Controlling Advisor Order
The order of Advisors in the chain is crucial and is determined by the getOrder()
method. Advisors with lower order values are executed first.
Because the advisor chain is a stack, the first advisor in the chain is the last to process the request and the first to process the response.
If you want to ensure that an advisor is executed last, set its order close to the Ordered.LOWEST_PRECEDENCE
value and vice versa to execute first set the order close to the Ordered.HIGHEST_PRECEDENCE
value.
If you have multiple advisors with the same order value, the order of execution is not guaranteed.
Using AdvisorContext for State Sharing
Both the AdvisedRequest
and the AdvisedResponse
share an advise-context object.
You can use the advise-context
to share state between the advisors in the chain, and build more complex processing scenarios that involve multiple advisors.
Streaming vs. Non-Streaming
Spring AI supports both streaming and non-streaming Advisors. Non-streaming Advisors work with complete requests and responses, while streaming Advisors handle continuous streams using reactive programming concepts (e.g., Flux for responses).
For streaming advisors, it's crucial to note that a single AdvisedResponse
instance represents only a chunk (i.e., part) of the entire Flux<AdvisedResponse>
response. In contrast, for non-streaming advisors, the AdvisedResponse
encompasses the complete response.
Best Practices
- Keep Advisors focused on specific tasks for better modularity.
- Use the
advise-context
to share state between Advisors when necessary. - Implement both streaming and non-streaming versions of your Advisor for maximum flexibility.

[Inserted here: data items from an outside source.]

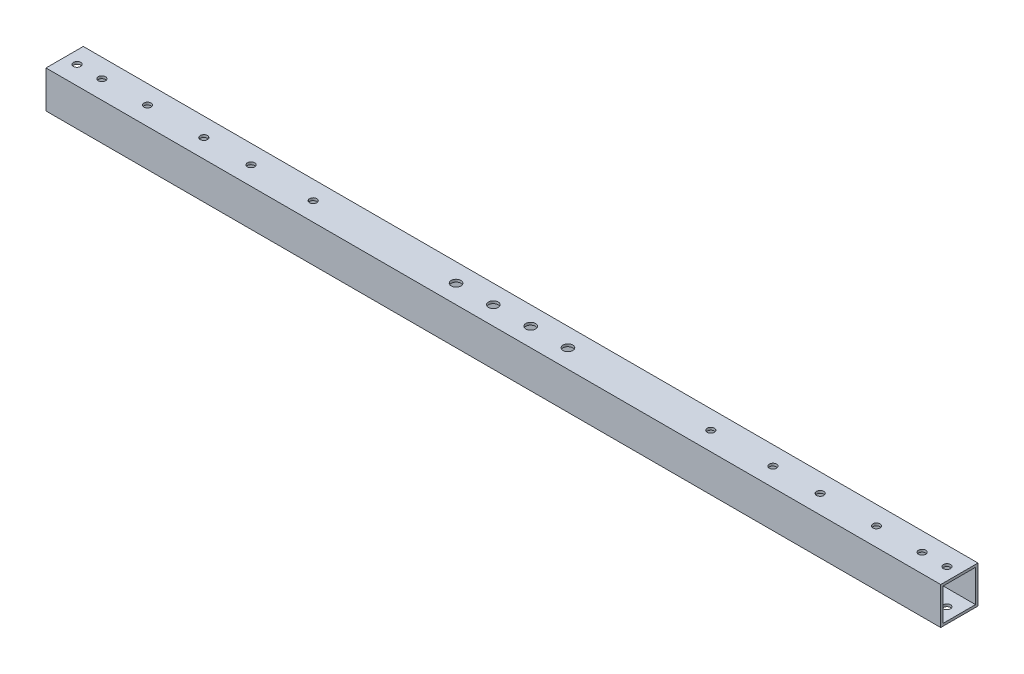
SolidWorks part; units mm, degrees
material "Thornel Mat VMA"
ref_plane "前视基准面" through (0, 0, 0) normal (0, 0, 1) x (1, 0, 0)
ref_plane "上视基准面" through (0, 0, 0) normal (0, 1, 0) x (1, 0, 0)
ref_plane "右视基准面" through (0, 0, 0) normal (1, 0, 0) x (0, 0, -1)
other "Configuration Table"
sketch "草图1" plane through (0, 0, 0) normal (1, 0, 0) x (0, 0, -1)
  line L0 (-6.5, -6.5) -> (-6.5, 6.5)
  line L1 (-7.5, -7.5) -> (7.5, -7.5)
  line L2 (-7.5, -7.5) -> (-7.5, 7.5)
  line L3 (-7.5, 7.5) -> (7.5, 7.5)
  line L4 (7.5, -7.5) -> (7.5, 7.5)
  line L5 (-7.5, -7.5) -> (7.5, 7.5) construction
  line L6 (-7.5, 7.5) -> (7.5, -7.5) construction
  line L7 (-6.5, 6.5) -> (6.5, 6.5)
  line L8 (6.5, -6.5) -> (6.5, 6.5)
  line L9 (-6.5, -6.5) -> (6.5, -6.5)
  point P0 (0, 0)
  dimension "D1" = 15
  dimension "D2" = 15
  dimension "D3" = 1
extrude "凸台-拉伸1" add sketch "草图1" along normal blind 360
sketch "草图2" plane through (0, -7.5, 0) normal (0, -1, 0) x (1, 0, 0)
  line L0 (-24.6272, 0) -> (553.8723, 0) construction
  circle A0 centre (355, 0) radius 1.45 construction
  circle A1 centre (345, 0) radius 1.45 construction
  circle A2 centre (285, 0) radius 1.45 construction
  circle A3 centre (260, 0) radius 1.45 construction
  circle A4 centre (202.5, 0) radius 1.95 construction
  circle A5 centre (187.5, 0) radius 1.95 construction
  circle A6 centre (172.5, 0) radius 1.95 construction
  circle A7 centre (157.5, 0) radius 1.95 construction
  circle A8 centre (100, 0) radius 1.45 construction
  circle A9 centre (75, 0) radius 1.45 construction
  circle A10 centre (15, 0) radius 1.45 construction
  circle A11 centre (5, 0) radius 1.45 construction
  circle A12 centre (355, 0) radius 1.45
  circle A13 centre (345, 0) radius 1.45
  circle A14 centre (285, 0) radius 1.45
  circle A15 centre (260, 0) radius 1.45
  circle A16 centre (202.5, 0) radius 1.95
  circle A17 centre (187.5, 0) radius 1.95
  circle A18 centre (172.5, 0) radius 1.95
  circle A19 centre (157.5, 0) radius 1.95
  circle A20 centre (100, 0) radius 1.45
  circle A21 centre (75, 0) radius 1.45
  circle A22 centre (15, 0) radius 1.45
  circle A23 centre (5, 0) radius 1.45
  circle A24 centre (33.3541, -0.0015) radius 1.45 construction
  circle A25 centre (33.3541, -0.0015) radius 1.45
  circle A26 centre (326.6459, -0.0015) radius 1.45 construction
  circle A27 centre (326.6459, -0.0015) radius 1.45
  circle A28 centre (56, 0) radius 1.45
  circle A29 centre (304, 0) radius 1.45
  dimension "D2" = 2.9
  dimension "D3" = 2.9
  dimension "D4" = 51
  dimension "D1" = 56
extrude "切除-拉伸1" cut sketch "草图2" against normal through all

- Carefully consider the order of Advisors in your chain to ensure proper data flow.
Conclusion
Spring AI Advisors provide a powerful and flexible way to enhance your AI applications. By leveraging this API, you can create more sophisticated, reusable, and maintainable AI components. Whether you're implementing custom logic, managing conversation history, or improving model reasoning, Advisors offer a clean and efficient solution.
We encourage you to experiment with Spring AI Advisors in your projects and share your custom implementations with the community. The possibilities are endless, and your innovations could help shape the future of AI application development!
Happy coding, and may your AI applications be ever more intelligent and responsive!